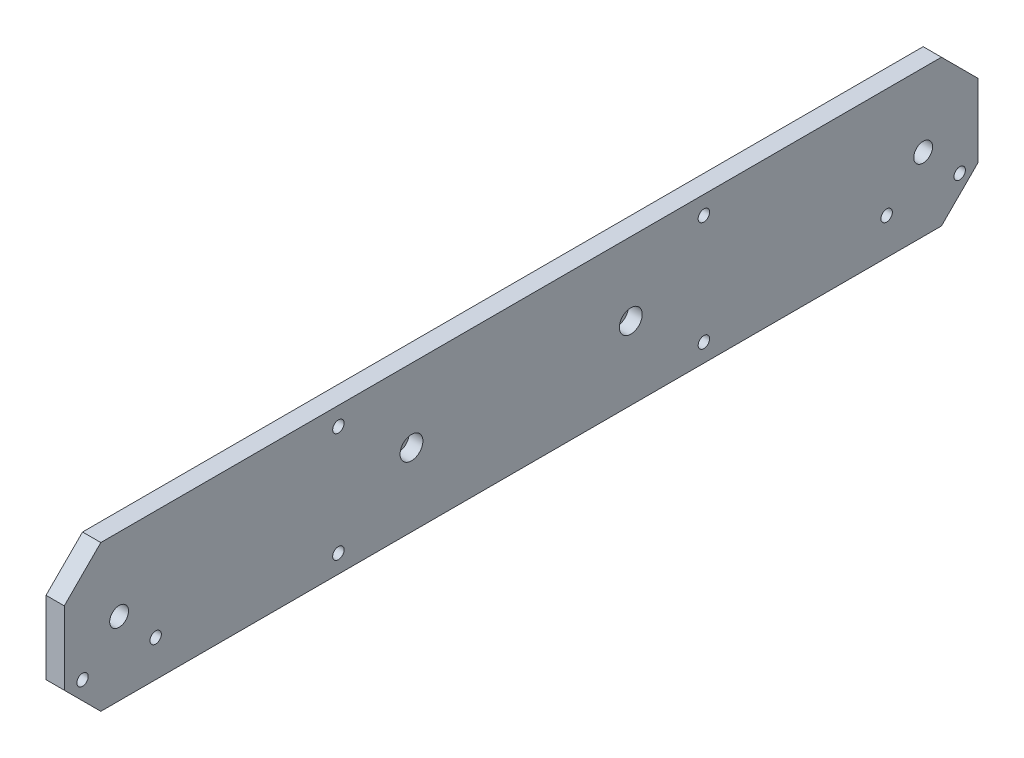
from build123d import *

# Parameters (mm, degrees)
SKETCH1_W                                        = 635
SKETCH1_H                                        = 101.6
BOSS_EXTRUDE1_DEPTH                              = 12.7
F_33_64_0_51563_DIAMETER_HOLE1_D                 = 13.097002
CHAMFER1_SIZE                                    = 25.4
F_3_8_16_TAPPED_HOLE1_D                          = 7.9375
F_3_8_16_TAPPED_HOLE2_D                          = 7.9375
LPATTERN1_COUNT                                  = 2
LPATTERN1_PITCH                                  = 254
LPATTERN1_COUNT_DIR2                             = 2
LPATTERN1_PITCH_DIR2                             = 76.2
CBORE_FOR_3_8_SOCKET_HEAD_CAP_SCREW2_D           = 9.8044
CBORE_FOR_3_8_SOCKET_HEAD_CAP_SCREW2_CBORE_D     = 15.875
CBORE_FOR_3_8_SOCKET_HEAD_CAP_SCREW2_CBORE_DEPTH = 9.525


with BuildPart() as part:
    # Sketch1 → Boss-Extrude1 (new body)
    with BuildSketch(Plane(origin=(0, 0, 0), x_dir=(0, 0, -1), z_dir=(1, 0, 0))):
        with Locations((317.5, 50.8)):
            Rectangle(SKETCH1_W, SKETCH1_H)
    extrude(amount=BOSS_EXTRUDE1_DEPTH)

    # 33/64 (0.51563) Diameter Hole1 (through all)
    with Locations(Plane(origin=(12.7, 0, 0), x_dir=(0, 0, -1), z_dir=(1, 0, 0))):
        with Locations((38.1, 50.8), (596.9, 50.8)):
            Hole(F_33_64_0_51563_DIAMETER_HOLE1_D / 2)

    # Chamfer1
    chamfer1_edges = [part.edges().sort_by_distance(p)[0] for p in [
        (6.35, 101.6, 0),
        (6.35, 101.6, -635),
        (6.35, 0, -635),
        (6.35, 0, 0),
    ]]
    chamfer(chamfer1_edges, length=CHAMFER1_SIZE)

    # 3/8-16 Tapped Hole1 (through all)
    with Locations(Plane.ZY):
        with Locations((-622.3, 25.4), (-571.5, 25.4), (-63.5, 25.4), (-12.7, 25.4)):
            Hole(F_3_8_16_TAPPED_HOLE1_D / 2)

    # 3/8-16 Tapped Hole2 (through all)
    with Locations(Plane(origin=(12.7, 0, 0), x_dir=(0, 0, -1), z_dir=(1, 0, 0))):
        with Locations((190.5, 12.7)):
            f_3_8_16_tapped_hole2 = Hole(F_3_8_16_TAPPED_HOLE2_D / 2)

    # LPattern1: 3_8-16 Tapped Hole2 2 × 2
    with Locations(*[(0, j * LPATTERN1_PITCH_DIR2, -i * LPATTERN1_PITCH) for i in range(LPATTERN1_COUNT) for j in range(LPATTERN1_COUNT_DIR2) if (i, j) != (0, 0)]):
        add(f_3_8_16_tapped_hole2, mode=Mode.SUBTRACT)

    # CBORE for 3/8 Socket Head Cap Screw2 (through all)
    with Locations(Plane(origin=(12.7, 0, 0), x_dir=(0, 0, -1), z_dir=(1, 0, 0))):
        with Locations((241.3, 50.8), (393.7, 50.8)):
            CounterBoreHole(CBORE_FOR_3_8_SOCKET_HEAD_CAP_SCREW2_D / 2, CBORE_FOR_3_8_SOCKET_HEAD_CAP_SCREW2_CBORE_D / 2, CBORE_FOR_3_8_SOCKET_HEAD_CAP_SCREW2_CBORE_DEPTH)


solid = part.part
_ _ _ _ _ _ _
• **Problem description**:
Once the pictures are set aside, please output all the data word for word.

• **Reply to the task**:
from build123d import *

# Parameters (mm, degrees)
SKETCH1_W                                        = 635
SKETCH1_H                                        = 101.6
BOSS_EXTRUDE1_DEPTH                              = 12.7
F_33_64_0_51563_DIAMETER_HOLE1_D                 = 13.097002
CHAMFER1_SIZE                                    = 25.4
F_3_8_16_TAPPED_HOLE1_D                          = 7.9375
F_3_8_16_TAPPED_HOLE2_D                          = 7.9375
LPATTERN1_COUNT                                  = 2
LPATTERN1_PITCH                                  = 254
LPATTERN1_COUNT_DIR2                             = 2
LPATTERN1_PITCH_DIR2                             = 76.2
CBORE_FOR_3_8_SOCKET_HEAD_CAP_SCREW2_D           = 9.8044
CBORE_FOR_3_8_SOCKET_HEAD_CAP_SCREW2_CBORE_D     = 15.875
CBORE_FOR_3_8_SOCKET_HEAD_CAP_SCREW2_CBORE_DEPTH = 9.525


with BuildPart() as part:
    # Sketch1 → Boss-Extrude1 (new body)
    with BuildSketch(Plane(origin=(0, 0, 0), x_dir=(0, 0, -1), z_dir=(1, 0, 0))):
        with Locations((317.5, 50.8)):
            Rectangle(SKETCH1_W, SKETCH1_H)
    extrude(amount=BOSS_EXTRUDE1_DEPTH)

    # 33/64 (0.51563) Diameter Hole1 (through all)
    with Locations(Plane(origin=(12.7, 0, 0), x_dir=(0, 0, -1), z_dir=(1, 0, 0))):
        with Locations((38.1, 50.8), (596.9, 50.8)):
            Hole(F_33_64_0_51563_DIAMETER_HOLE1_D / 2)

    # Chamfer1
    chamfer1_edges = [part.edges().sort_by_distance(p)[0] for p in [
        (6.35, 101.6, 0),
        (6.35, 101.6, -635),
        (6.35, 0, -635),
        (6.35, 0, 0),
    ]]
    chamfer(chamfer1_edges, length=CHAMFER1_SIZE)

    # 3/8-16 Tapped Hole1 (through all)
    with Locations(Plane.ZY):
        with Locations((-622.3, 25.4), (-571.5, 25.4), (-63.5, 25.4), (-12.7, 25.4)):
            Hole(F_3_8_16_TAPPED_HOLE1_D / 2)

    # 3/8-16 Tapped Hole2 (through all)
    with Locations(Plane(origin=(12.7, 0, 0), x_dir=(0, 0, -1), z_dir=(1, 0, 0))):
        with Locations((190.5, 12.7)):
            f_3_8_16_tapped_hole2 = Hole(F_3_8_16_TAPPED_HOLE2_D / 2)

    # LPattern1: 3_8-16 Tapped Hole2 2 × 2
    with Locations(*[(0, j * LPATTERN1_PITCH_DIR2, -i * LPATTERN1_PITCH) for i in range(LPATTERN1_COUNT) for j in range(LPATTERN1_COUNT_DIR2) if (i, j) != (0, 0)]):
        add(f_3_8_16_tapped_hole2, mode=Mode.SUBTRACT)

    # CBORE for 3/8 Socket Head Cap Screw2 (through all)
    with Locations(Plane(origin=(12.7, 0, 0), x_dir=(0, 0, -1), z_dir=(1, 0, 0))):
        with Locations((241.3, 50.8), (393.7, 50.8)):
            CounterBoreHole(CBORE_FOR_3_8_SOCKET_HEAD_CAP_SCREW2_D / 2, CBORE_FOR_3_8_SOCKET_HEAD_CAP_SCREW2_CBORE_D / 2, CBORE_FOR_3_8_SOCKET_HEAD_CAP_SCREW2_CBORE_DEPTH)


solid = part.part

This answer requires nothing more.